[Opening Material for this task section]

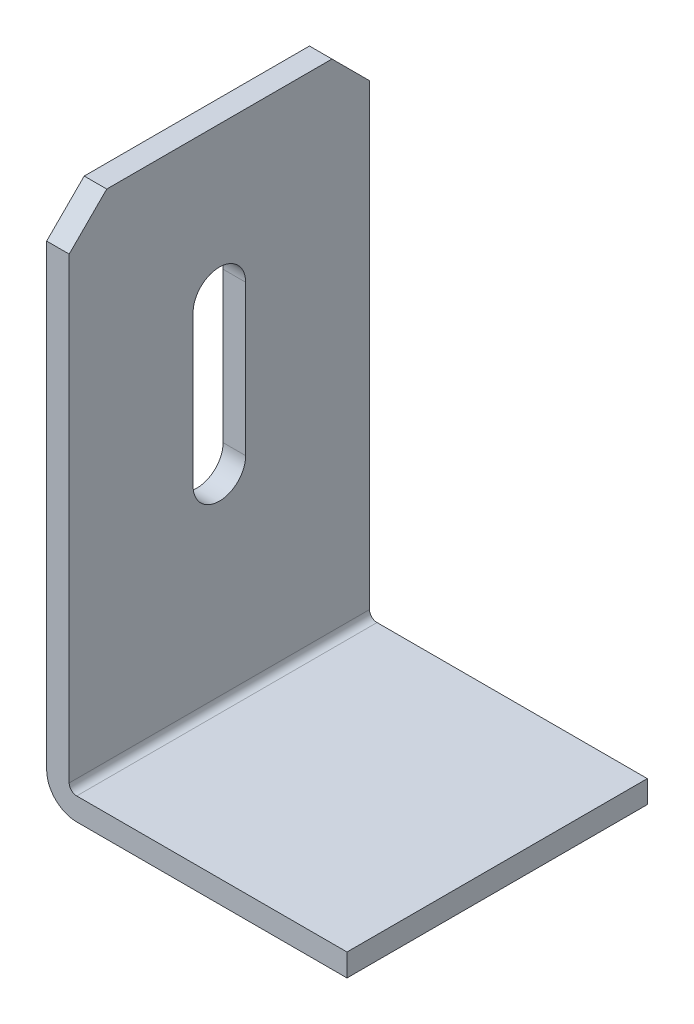
ISO-10303-21;
HEADER;
FILE_DESCRIPTION(('STEP AP214'),'2;1');
FILE_NAME('part.step','',(''),(''),'','','');
FILE_SCHEMA(('AUTOMOTIVE_DESIGN { 1 0 10303 214 1 1 1 1 }'));
ENDSEC;
DATA;
#1=APPLICATION_CONTEXT('core data for automotive mechanical design processes');
#2=APPLICATION_PROTOCOL_DEFINITION('international standard','automotive_design',2000,#1);
#3=PRODUCT_CONTEXT('',#1,'mechanical');
#4=PRODUCT('Part','Part','',(#3));
#5=PRODUCT_RELATED_PRODUCT_CATEGORY('part','',(#4));
#6=PRODUCT_DEFINITION_FORMATION('','',#4);
#7=PRODUCT_DEFINITION_CONTEXT('part definition',#1,'design');
#8=PRODUCT_DEFINITION('design','',#6,#7);
#9=PRODUCT_DEFINITION_SHAPE('','',#8);
#10=(LENGTH_UNIT() NAMED_UNIT(*) SI_UNIT(.MILLI.,.METRE.));
#11=(NAMED_UNIT(*) PLANE_ANGLE_UNIT() SI_UNIT($,.RADIAN.));
#12=(NAMED_UNIT(*) SI_UNIT($,.STERADIAN.) SOLID_ANGLE_UNIT());
#13=UNCERTAINTY_MEASURE_WITH_UNIT(LENGTH_MEASURE(1.E-05),#10,'distance_accuracy_value','');
#14=(GEOMETRIC_REPRESENTATION_CONTEXT(3) GLOBAL_UNCERTAINTY_ASSIGNED_CONTEXT((#13)) GLOBAL_UNIT_ASSIGNED_CONTEXT((#10,
#11,#12)) REPRESENTATION_CONTEXT('',''));
#15=CARTESIAN_POINT('',(0.,0.,0.));
#16=DIRECTION('',(0.,0.,1.));
#17=DIRECTION('',(1.,0.,0.));
#18=AXIS2_PLACEMENT_3D('',#15,#16,#17);
#19=CARTESIAN_POINT('',(0.,0.,40.));
#20=DIRECTION('',(0.,1.,0.));
#21=DIRECTION('',(0.,0.,1.));
#22=AXIS2_PLACEMENT_3D('',#19,#20,#21);
#23=PLANE('',#22);
#24=DIRECTION('',(0.,0.,-1.));
#25=VECTOR('',#24,1.);
#26=CARTESIAN_POINT('',(40.,0.,40.));
#27=LINE('',#26,#25);
#28=CARTESIAN_POINT('',(40.,0.,40.));
#29=VERTEX_POINT('',#28);
#30=CARTESIAN_POINT('',(40.,0.,0.));
#31=VERTEX_POINT('',#30);
#32=EDGE_CURVE('E92',#29,#31,#27,.T.);
#33=ORIENTED_EDGE('',*,*,#32,.F.);
#34=DIRECTION('',(1.,0.,0.));
#35=VECTOR('',#34,1.);
#36=CARTESIAN_POINT('',(4.,0.,40.));
#37=LINE('',#36,#35);
#38=CARTESIAN_POINT('',(4.,0.,40.));
#39=VERTEX_POINT('',#38);
#40=EDGE_CURVE('E71',#39,#29,#37,.T.);
#41=ORIENTED_EDGE('',*,*,#40,.F.);
#42=DIRECTION('',(0.,0.,-1.));
#43=VECTOR('',#42,1.);
#44=CARTESIAN_POINT('',(4.,0.,40.));
#45=LINE('',#44,#43);
#46=CARTESIAN_POINT('',(4.,0.,0.));
#47=VERTEX_POINT('',#46);
#48=EDGE_CURVE('E64',#47,#39,#45,.F.);
#49=ORIENTED_EDGE('',*,*,#48,.F.);
#50=DIRECTION('',(-1.,0.,0.));
#51=VECTOR('',#50,1.);
#52=CARTESIAN_POINT('',(3.,0.,0.));
#53=LINE('',#52,#51);
#54=EDGE_CURVE('E68',#31,#47,#53,.T.);
#55=ORIENTED_EDGE('',*,*,#54,.F.);
#56=EDGE_LOOP('',(#33,#41,#49,#55));
#57=FACE_BOUND('',#56,.T.);
#58=ADVANCED_FACE('F16',(#57),#23,.F.);
#59=CARTESIAN_POINT('',(4.,4.,40.));
#60=DIRECTION('',(0.,0.,-1.));
#61=DIRECTION('',(-1.,0.,0.));
#62=AXIS2_PLACEMENT_3D('',#59,#60,#61);
#63=CYLINDRICAL_SURFACE('',#62,4.);
#64=CARTESIAN_POINT('',(4.,4.,40.));
#65=DIRECTION('',(0.,0.,-1.));
#66=DIRECTION('',(-1.,0.,0.));
#67=AXIS2_PLACEMENT_3D('',#64,#65,#66);
#68=CIRCLE('',#67,4.);
#69=CARTESIAN_POINT('',(0.,4.,40.));
#70=VERTEX_POINT('',#69);
#71=EDGE_CURVE('E130',#70,#39,#68,.F.);
#72=ORIENTED_EDGE('',*,*,#71,.F.);
#73=DIRECTION('',(0.,0.,-1.));
#74=VECTOR('',#73,1.);
#75=CARTESIAN_POINT('',(0.,4.,40.));
#76=LINE('',#75,#74);
#77=CARTESIAN_POINT('',(0.,4.,0.));
#78=VERTEX_POINT('',#77);
#79=EDGE_CURVE('E90',#70,#78,#76,.T.);
#80=ORIENTED_EDGE('',*,*,#79,.T.);
#81=CARTESIAN_POINT('',(4.,4.,0.));
#82=DIRECTION('',(0.,0.,-1.));
#83=DIRECTION('',(-1.,0.,0.));
#84=AXIS2_PLACEMENT_3D('',#81,#82,#83);
#85=CIRCLE('',#84,4.);
#86=EDGE_CURVE('E19',#47,#78,#85,.T.);
#87=ORIENTED_EDGE('',*,*,#86,.F.);
#88=ORIENTED_EDGE('',*,*,#48,.T.);
#89=EDGE_LOOP('',(#72,#80,#87,#88));
#90=FACE_BOUND('',#89,.T.);
#91=ADVANCED_FACE('F88',(#90),#63,.T.);
#92=CARTESIAN_POINT('',(40.,3.,40.));
#93=DIRECTION('',(1.,0.,0.));
#94=DIRECTION('',(0.,0.,-1.));
#95=AXIS2_PLACEMENT_3D('',#92,#93,#94);
#96=PLANE('',#95);
#97=DIRECTION('',(0.,1.,0.));
#98=VECTOR('',#97,1.);
#99=CARTESIAN_POINT('',(40.,3.,40.));
#100=LINE('',#99,#98);
#101=CARTESIAN_POINT('',(40.,3.,40.));
#102=VERTEX_POINT('',#101);
#103=EDGE_CURVE('E94',#102,#29,#100,.F.);
#104=ORIENTED_EDGE('',*,*,#103,.T.);
#105=ORIENTED_EDGE('',*,*,#32,.T.);
#106=DIRECTION('',(0.,1.,0.));
#107=VECTOR('',#106,1.);
#108=CARTESIAN_POINT('',(40.,3.,0.));
#109=LINE('',#108,#107);
#110=CARTESIAN_POINT('',(40.,3.,0.));
#111=VERTEX_POINT('',#110);
#112=EDGE_CURVE('E84',#31,#111,#109,.T.);
#113=ORIENTED_EDGE('',*,*,#112,.T.);
#114=DIRECTION('',(0.,0.,1.));
#115=VECTOR('',#114,1.);
#116=CARTESIAN_POINT('',(40.,3.,40.));
#117=LINE('',#116,#115);
#118=EDGE_CURVE('E127',#102,#111,#117,.F.);
#119=ORIENTED_EDGE('',*,*,#118,.F.);
#120=EDGE_LOOP('',(#104,#105,#113,#119));
#121=FACE_BOUND('',#120,.T.);
#122=ADVANCED_FACE('F388',(#121),#96,.T.);
#123=CARTESIAN_POINT('',(0.,0.,40.));
#124=DIRECTION('',(1.,0.,0.));
#125=DIRECTION('',(0.,0.,-1.));
#126=AXIS2_PLACEMENT_3D('',#123,#124,#125);
#127=PLANE('',#126);
#128=DIRECTION('',(0.,0.707106781186546,0.707106781186549));
#129=VECTOR('',#128,1.);
#130=CARTESIAN_POINT('',(0.,65.,0.));
#131=LINE('',#130,#129);
#132=CARTESIAN_POINT('',(0.,65.,0.));
#133=VERTEX_POINT('',#132);
#134=CARTESIAN_POINT('',(0.,70.,5.));
#135=VERTEX_POINT('',#134);
#136=EDGE_CURVE('E175',#133,#135,#131,.T.);
#137=ORIENTED_EDGE('',*,*,#136,.F.);
#138=DIRECTION('',(0.,1.,0.));
#139=VECTOR('',#138,1.);
#140=CARTESIAN_POINT('',(0.,4.,0.));
#141=LINE('',#140,#139);
#142=EDGE_CURVE('E178',#133,#78,#141,.F.);
#143=ORIENTED_EDGE('',*,*,#142,.T.);
#144=ORIENTED_EDGE('',*,*,#79,.F.);
#145=DIRECTION('',(0.,1.,0.));
#146=VECTOR('',#145,1.);
#147=CARTESIAN_POINT('',(0.,3.,40.));
#148=LINE('',#147,#146);
#149=CARTESIAN_POINT('',(0.,65.,40.));
#150=VERTEX_POINT('',#149);
#151=EDGE_CURVE('E140',#150,#70,#148,.F.);
#152=ORIENTED_EDGE('',*,*,#151,.F.);
#153=DIRECTION('',(0.,0.707106781186549,-0.707106781186546));
#154=VECTOR('',#153,1.);
#155=CARTESIAN_POINT('',(0.,70.,35.));
#156=LINE('',#155,#154);
#157=CARTESIAN_POINT('',(0.,70.,35.));
#158=VERTEX_POINT('',#157);
#159=EDGE_CURVE('E141',#150,#158,#156,.T.);
#160=ORIENTED_EDGE('',*,*,#159,.T.);
#161=DIRECTION('',(0.,0.,1.));
#162=VECTOR('',#161,1.);
#163=CARTESIAN_POINT('',(0.,70.,40.));
#164=LINE('',#163,#162);
#165=EDGE_CURVE('E157',#135,#158,#164,.T.);
#166=ORIENTED_EDGE('',*,*,#165,.F.);
#167=EDGE_LOOP('',(#137,#143,#144,#152,#160,#166));
#168=FACE_BOUND('',#167,.T.);
#169=CARTESIAN_POINT('',(0.,50.,20.));
#170=DIRECTION('',(1.,0.,0.));
#171=DIRECTION('',(0.,0.,-1.));
#172=AXIS2_PLACEMENT_3D('',#169,#170,#171);
#173=CIRCLE('',#172,3.5);
#174=CARTESIAN_POINT('',(0.,50.,16.5));
#175=VERTEX_POINT('',#174);
#176=CARTESIAN_POINT('',(0.,50.,23.5));
#177=VERTEX_POINT('',#176);
#178=EDGE_CURVE('E123',#175,#177,#173,.T.);
#179=ORIENTED_EDGE('',*,*,#178,.T.);
#180=DIRECTION('',(0.,-1.,0.));
#181=VECTOR('',#180,1.);
#182=CARTESIAN_POINT('',(0.,50.,23.5));
#183=LINE('',#182,#181);
#184=CARTESIAN_POINT('',(0.,30.,23.5));
#185=VERTEX_POINT('',#184);
#186=EDGE_CURVE('E187',#177,#185,#183,.T.);
#187=ORIENTED_EDGE('',*,*,#186,.T.);
#188=CARTESIAN_POINT('',(0.,30.,20.));
#189=DIRECTION('',(1.,0.,0.));
#190=DIRECTION('',(0.,0.,-1.));
#191=AXIS2_PLACEMENT_3D('',#188,#189,#190);
#192=CIRCLE('',#191,3.49999999999999);
#193=CARTESIAN_POINT('',(0.,30.,16.5));
#194=VERTEX_POINT('',#193);
#195=EDGE_CURVE('E118',#185,#194,#192,.T.);
#196=ORIENTED_EDGE('',*,*,#195,.T.);
#197=DIRECTION('',(0.,1.,0.));
#198=VECTOR('',#197,1.);
#199=CARTESIAN_POINT('',(0.,50.,16.5));
#200=LINE('',#199,#198);
#201=EDGE_CURVE('E199',#194,#175,#200,.T.);
#202=ORIENTED_EDGE('',*,*,#201,.T.);
#203=EDGE_LOOP('',(#179,#187,#196,#202));
#204=FACE_BOUND('',#203,.T.);
#205=ADVANCED_FACE('F262',(#168,#204),#127,.F.);
#206=CARTESIAN_POINT('',(0.,3.,40.));
#207=DIRECTION('',(0.,1.,0.));
#208=DIRECTION('',(0.,0.,1.));
#209=AXIS2_PLACEMENT_3D('',#206,#207,#208);
#210=PLANE('',#209);
#211=DIRECTION('',(1.,0.,0.));
#212=VECTOR('',#211,1.);
#213=CARTESIAN_POINT('',(0.,3.,40.));
#214=LINE('',#213,#212);
#215=CARTESIAN_POINT('',(4.,3.,40.));
#216=VERTEX_POINT('',#215);
#217=EDGE_CURVE('E202',#216,#102,#214,.T.);
#218=ORIENTED_EDGE('',*,*,#217,.T.);
#219=ORIENTED_EDGE('',*,*,#118,.T.);
#220=DIRECTION('',(1.,0.,0.));
#221=VECTOR('',#220,1.);
#222=CARTESIAN_POINT('',(0.,3.,0.));
#223=LINE('',#222,#221);
#224=CARTESIAN_POINT('',(4.,3.,0.));
#225=VERTEX_POINT('',#224);
#226=EDGE_CURVE('E129',#111,#225,#223,.F.);
#227=ORIENTED_EDGE('',*,*,#226,.T.);
#228=DIRECTION('',(0.,0.,-1.));
#229=VECTOR('',#228,1.);
#230=CARTESIAN_POINT('',(4.,3.,40.));
#231=LINE('',#230,#229);
#232=EDGE_CURVE('E117',#225,#216,#231,.F.);
#233=ORIENTED_EDGE('',*,*,#232,.T.);
#234=EDGE_LOOP('',(#218,#219,#227,#233));
#235=FACE_BOUND('',#234,.T.);
#236=ADVANCED_FACE('F213',(#235),#210,.T.);
#237=CARTESIAN_POINT('',(-0.00100000000000013,50.,20.));
#238=DIRECTION('',(1.,0.,0.));
#239=DIRECTION('',(0.,0.,-1.));
#240=AXIS2_PLACEMENT_3D('',#237,#238,#239);
#241=CYLINDRICAL_SURFACE('',#240,3.5);
#242=DIRECTION('',(1.,0.,0.));
#243=VECTOR('',#242,1.);
#244=CARTESIAN_POINT('',(-0.00100000000000013,50.,16.5));
#245=LINE('',#244,#243);
#246=CARTESIAN_POINT('',(3.,50.,16.5));
#247=VERTEX_POINT('',#246);
#248=EDGE_CURVE('E126',#175,#247,#245,.T.);
#249=ORIENTED_EDGE('',*,*,#248,.T.);
#250=CARTESIAN_POINT('',(3.,50.,20.));
#251=DIRECTION('',(1.,0.,0.));
#252=DIRECTION('',(0.,0.,-1.));
#253=AXIS2_PLACEMENT_3D('',#250,#251,#252);
#254=CIRCLE('',#253,3.5);
#255=CARTESIAN_POINT('',(3.,50.,23.5));
#256=VERTEX_POINT('',#255);
#257=EDGE_CURVE('E114',#256,#247,#254,.F.);
#258=ORIENTED_EDGE('',*,*,#257,.F.);
#259=DIRECTION('',(1.,0.,0.));
#260=VECTOR('',#259,1.);
#261=CARTESIAN_POINT('',(-0.00100000000000013,50.,23.5));
#262=LINE('',#261,#260);
#263=EDGE_CURVE('E198',#256,#177,#262,.F.);
#264=ORIENTED_EDGE('',*,*,#263,.T.);
#265=ORIENTED_EDGE('',*,*,#178,.F.);
#266=EDGE_LOOP('',(#249,#258,#264,#265));
#267=FACE_BOUND('',#266,.T.);
#268=ADVANCED_FACE('F268',(#267),#241,.F.);
#269=CARTESIAN_POINT('',(-0.00100000000000013,50.,16.5));
#270=DIRECTION('',(0.,0.,-1.));
#271=DIRECTION('',(0.,1.,0.));
#272=AXIS2_PLACEMENT_3D('',#269,#270,#271);
#273=PLANE('',#272);
#274=DIRECTION('',(1.,0.,0.));
#275=VECTOR('',#274,1.);
#276=CARTESIAN_POINT('',(-0.00100000000000013,30.,16.5));
#277=LINE('',#276,#275);
#278=CARTESIAN_POINT('',(3.,30.,16.5));
#279=VERTEX_POINT('',#278);
#280=EDGE_CURVE('E122',#194,#279,#277,.T.);
#281=ORIENTED_EDGE('',*,*,#280,.T.);
#282=DIRECTION('',(0.,1.,0.));
#283=VECTOR('',#282,1.);
#284=CARTESIAN_POINT('',(3.,0.,16.5));
#285=LINE('',#284,#283);
#286=EDGE_CURVE('E113',#247,#279,#285,.F.);
#287=ORIENTED_EDGE('',*,*,#286,.F.);
#288=ORIENTED_EDGE('',*,*,#248,.F.);
#289=ORIENTED_EDGE('',*,*,#201,.F.);
#290=EDGE_LOOP('',(#281,#287,#288,#289));
#291=FACE_BOUND('',#290,.T.);
#292=ADVANCED_FACE('F362',(#291),#273,.F.);
#293=CARTESIAN_POINT('',(-0.00100000000000013,30.,20.));
#294=DIRECTION('',(1.,0.,0.));
#295=DIRECTION('',(0.,0.,-1.));
#296=AXIS2_PLACEMENT_3D('',#293,#294,#295);
#297=CYLINDRICAL_SURFACE('',#296,3.49999999999999);
#298=DIRECTION('',(1.,0.,0.));
#299=VECTOR('',#298,1.);
#300=CARTESIAN_POINT('',(-0.00100000000000013,30.,23.5));
#301=LINE('',#300,#299);
#302=CARTESIAN_POINT('',(3.,30.,23.5));
#303=VERTEX_POINT('',#302);
#304=EDGE_CURVE('E121',#185,#303,#301,.T.);
#305=ORIENTED_EDGE('',*,*,#304,.T.);
#306=CARTESIAN_POINT('',(3.,30.,20.));
#307=DIRECTION('',(1.,0.,0.));
#308=DIRECTION('',(0.,0.,-1.));
#309=AXIS2_PLACEMENT_3D('',#306,#307,#308);
#310=CIRCLE('',#309,3.49999999999999);
#311=EDGE_CURVE('E109',#279,#303,#310,.F.);
#312=ORIENTED_EDGE('',*,*,#311,.F.);
#313=ORIENTED_EDGE('',*,*,#280,.F.);
#314=ORIENTED_EDGE('',*,*,#195,.F.);
#315=EDGE_LOOP('',(#305,#312,#313,#314));
#316=FACE_BOUND('',#315,.T.);
#317=ADVANCED_FACE('F355',(#316),#297,.F.);
#318=CARTESIAN_POINT('',(-0.00100000000000013,50.,23.5));
#319=DIRECTION('',(0.,0.,1.));
#320=DIRECTION('',(0.,-1.,0.));
#321=AXIS2_PLACEMENT_3D('',#318,#319,#320);
#322=PLANE('',#321);
#323=ORIENTED_EDGE('',*,*,#263,.F.);
#324=DIRECTION('',(0.,1.,0.));
#325=VECTOR('',#324,1.);
#326=CARTESIAN_POINT('',(3.,0.,23.5));
#327=LINE('',#326,#325);
#328=EDGE_CURVE('E112',#303,#256,#327,.T.);
#329=ORIENTED_EDGE('',*,*,#328,.F.);
#330=ORIENTED_EDGE('',*,*,#304,.F.);
#331=ORIENTED_EDGE('',*,*,#186,.F.);
#332=EDGE_LOOP('',(#323,#329,#330,#331));
#333=FACE_BOUND('',#332,.T.);
#334=ADVANCED_FACE('F273',(#333),#322,.F.);
#335=CARTESIAN_POINT('',(4.,4.,0.));
#336=DIRECTION('',(0.,0.,1.));
#337=DIRECTION('',(1.,0.,0.));
#338=AXIS2_PLACEMENT_3D('',#335,#336,#337);
#339=PLANE('',#338);
#340=DIRECTION('',(1.,0.,0.));
#341=VECTOR('',#340,1.);
#342=CARTESIAN_POINT('',(4.,65.,0.));
#343=LINE('',#342,#341);
#344=CARTESIAN_POINT('',(3.,65.,0.));
#345=VERTEX_POINT('',#344);
#346=EDGE_CURVE('E172',#345,#133,#343,.F.);
#347=ORIENTED_EDGE('',*,*,#346,.F.);
#348=DIRECTION('',(0.,1.,0.));
#349=VECTOR('',#348,1.);
#350=CARTESIAN_POINT('',(3.,0.,0.));
#351=LINE('',#350,#349);
#352=CARTESIAN_POINT('',(3.,4.,0.));
#353=VERTEX_POINT('',#352);
#354=EDGE_CURVE('E183',#353,#345,#351,.T.);
#355=ORIENTED_EDGE('',*,*,#354,.F.);
#356=CARTESIAN_POINT('',(4.,4.,0.));
#357=DIRECTION('',(0.,0.,-1.));
#358=DIRECTION('',(-1.,0.,0.));
#359=AXIS2_PLACEMENT_3D('',#356,#357,#358);
#360=CIRCLE('',#359,1.);
#361=EDGE_CURVE('E91',#353,#225,#360,.F.);
#362=ORIENTED_EDGE('',*,*,#361,.T.);
#363=ORIENTED_EDGE('',*,*,#226,.F.);
#364=ORIENTED_EDGE('',*,*,#112,.F.);
#365=ORIENTED_EDGE('',*,*,#54,.T.);
#366=ORIENTED_EDGE('',*,*,#86,.T.);
#367=ORIENTED_EDGE('',*,*,#142,.F.);
#368=EDGE_LOOP('',(#347,#355,#362,#363,#364,#365,#366,#367));
#369=FACE_BOUND('',#368,.T.);
#370=ADVANCED_FACE('F79',(#369),#339,.F.);
#371=CARTESIAN_POINT('',(4.,65.,0.));
#372=DIRECTION('',(0.,0.707106781186549,-0.707106781186546));
#373=DIRECTION('',(0.,0.707106781186546,0.707106781186549));
#374=AXIS2_PLACEMENT_3D('',#371,#372,#373);
#375=PLANE('',#374);
#376=DIRECTION('',(0.,0.707106781186546,0.707106781186548));
#377=VECTOR('',#376,1.);
#378=CARTESIAN_POINT('',(3.,65.,0.));
#379=LINE('',#378,#377);
#380=CARTESIAN_POINT('',(3.,70.,5.));
#381=VERTEX_POINT('',#380);
#382=EDGE_CURVE('E167',#345,#381,#379,.T.);
#383=ORIENTED_EDGE('',*,*,#382,.F.);
#384=ORIENTED_EDGE('',*,*,#346,.T.);
#385=ORIENTED_EDGE('',*,*,#136,.T.);
#386=DIRECTION('',(1.,0.,0.));
#387=VECTOR('',#386,1.);
#388=CARTESIAN_POINT('',(0.,70.,5.));
#389=LINE('',#388,#387);
#390=EDGE_CURVE('E162',#381,#135,#389,.F.);
#391=ORIENTED_EDGE('',*,*,#390,.F.);
#392=EDGE_LOOP('',(#383,#384,#385,#391));
#393=FACE_BOUND('',#392,.T.);
#394=ADVANCED_FACE('F298',(#393),#375,.T.);
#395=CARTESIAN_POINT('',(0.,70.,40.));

[Closing Material for this task section]

### Activity
Please give back exactly the lines of this listing beginning at the line with "#55=ORIENTED_EDGE('',*,*,#54,.F.);" and ending with the line with "#76=LINE('',#75,#74);", both included, and nothing else.

### Exercise response
#55=ORIENTED_EDGE('',*,*,#54,.F.);
#56=EDGE_LOOP('',(#33,#41,#49,#55));
#57=FACE_BOUND('',#56,.T.);
#58=ADVANCED_FACE('F16',(#57),#23,.F.);
#59=CARTESIAN_POINT('',(4.,4.,40.));
#60=DIRECTION('',(0.,0.,-1.));
#61=DIRECTION('',(-1.,0.,0.));
#62=AXIS2_PLACEMENT_3D('',#59,#60,#61);
#63=CYLINDRICAL_SURFACE('',#62,4.);
#64=CARTESIAN_POINT('',(4.,4.,40.));
#65=DIRECTION('',(0.,0.,-1.));
#66=DIRECTION('',(-1.,0.,0.));
#67=AXIS2_PLACEMENT_3D('',#64,#65,#66);
#68=CIRCLE('',#67,4.);
#69=CARTESIAN_POINT('',(0.,4.,40.));
#70=VERTEX_POINT('',#69);
#71=EDGE_CURVE('E130',#70,#39,#68,.F.);
#72=ORIENTED_EDGE('',*,*,#71,.F.);
#73=DIRECTION('',(0.,0.,-1.));
#74=VECTOR('',#73,1.);
#75=CARTESIAN_POINT('',(0.,4.,40.));
#76=LINE('',#75,#74);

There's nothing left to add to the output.